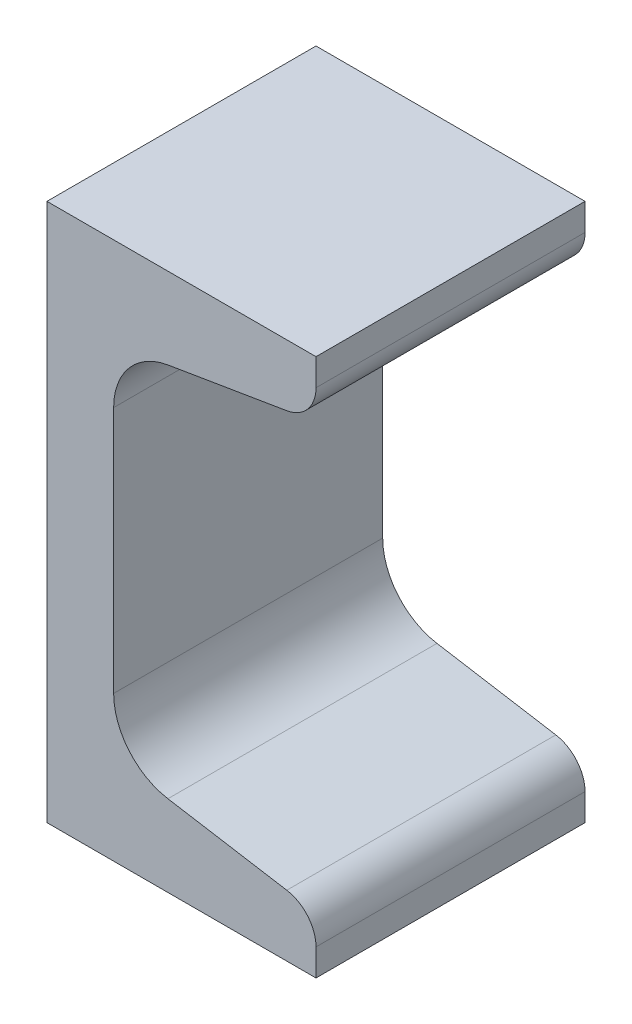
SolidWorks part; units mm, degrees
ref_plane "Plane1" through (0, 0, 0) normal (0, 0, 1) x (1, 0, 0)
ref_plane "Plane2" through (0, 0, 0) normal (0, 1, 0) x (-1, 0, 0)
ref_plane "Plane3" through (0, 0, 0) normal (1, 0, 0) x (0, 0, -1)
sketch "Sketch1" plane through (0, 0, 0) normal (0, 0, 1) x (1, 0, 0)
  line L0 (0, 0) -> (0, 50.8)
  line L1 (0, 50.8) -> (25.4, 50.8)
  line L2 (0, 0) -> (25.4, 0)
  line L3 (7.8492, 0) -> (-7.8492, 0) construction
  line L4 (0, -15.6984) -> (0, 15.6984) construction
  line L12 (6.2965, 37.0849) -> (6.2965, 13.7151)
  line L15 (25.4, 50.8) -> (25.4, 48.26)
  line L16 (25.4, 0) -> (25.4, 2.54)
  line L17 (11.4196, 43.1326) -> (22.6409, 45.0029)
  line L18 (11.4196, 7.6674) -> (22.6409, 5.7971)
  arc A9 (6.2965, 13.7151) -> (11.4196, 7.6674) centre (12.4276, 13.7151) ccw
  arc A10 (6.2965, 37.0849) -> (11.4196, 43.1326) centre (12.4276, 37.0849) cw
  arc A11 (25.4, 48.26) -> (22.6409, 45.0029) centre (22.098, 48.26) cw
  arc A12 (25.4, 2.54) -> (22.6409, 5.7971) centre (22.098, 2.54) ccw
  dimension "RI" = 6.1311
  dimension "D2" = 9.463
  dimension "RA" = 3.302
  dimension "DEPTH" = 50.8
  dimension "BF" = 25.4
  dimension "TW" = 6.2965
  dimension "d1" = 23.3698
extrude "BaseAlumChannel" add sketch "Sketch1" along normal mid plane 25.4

..............................

TASK TO COMPLETE – When the line with "plane through (0, 0, 0)" is reached in the data above, start copying there, and copy each line exactly until the line with "line L4 (0, -15.6984)" has been copied; copy nothing else.

EXERCISE RESPONSE –
sketch "Sketch1" plane through (0, 0, 0) normal (0, 0, 1) x (1, 0, 0)
  line L0 (0, 0) -> (0, 50.8)
  line L1 (0, 50.8) -> (25.4, 50.8)
  line L2 (0, 0) -> (25.4, 0)
  line L3 (7.8492, 0) -> (-7.8492, 0) construction
  line L4 (0, -15.6984) -> (0, 15.6984) construction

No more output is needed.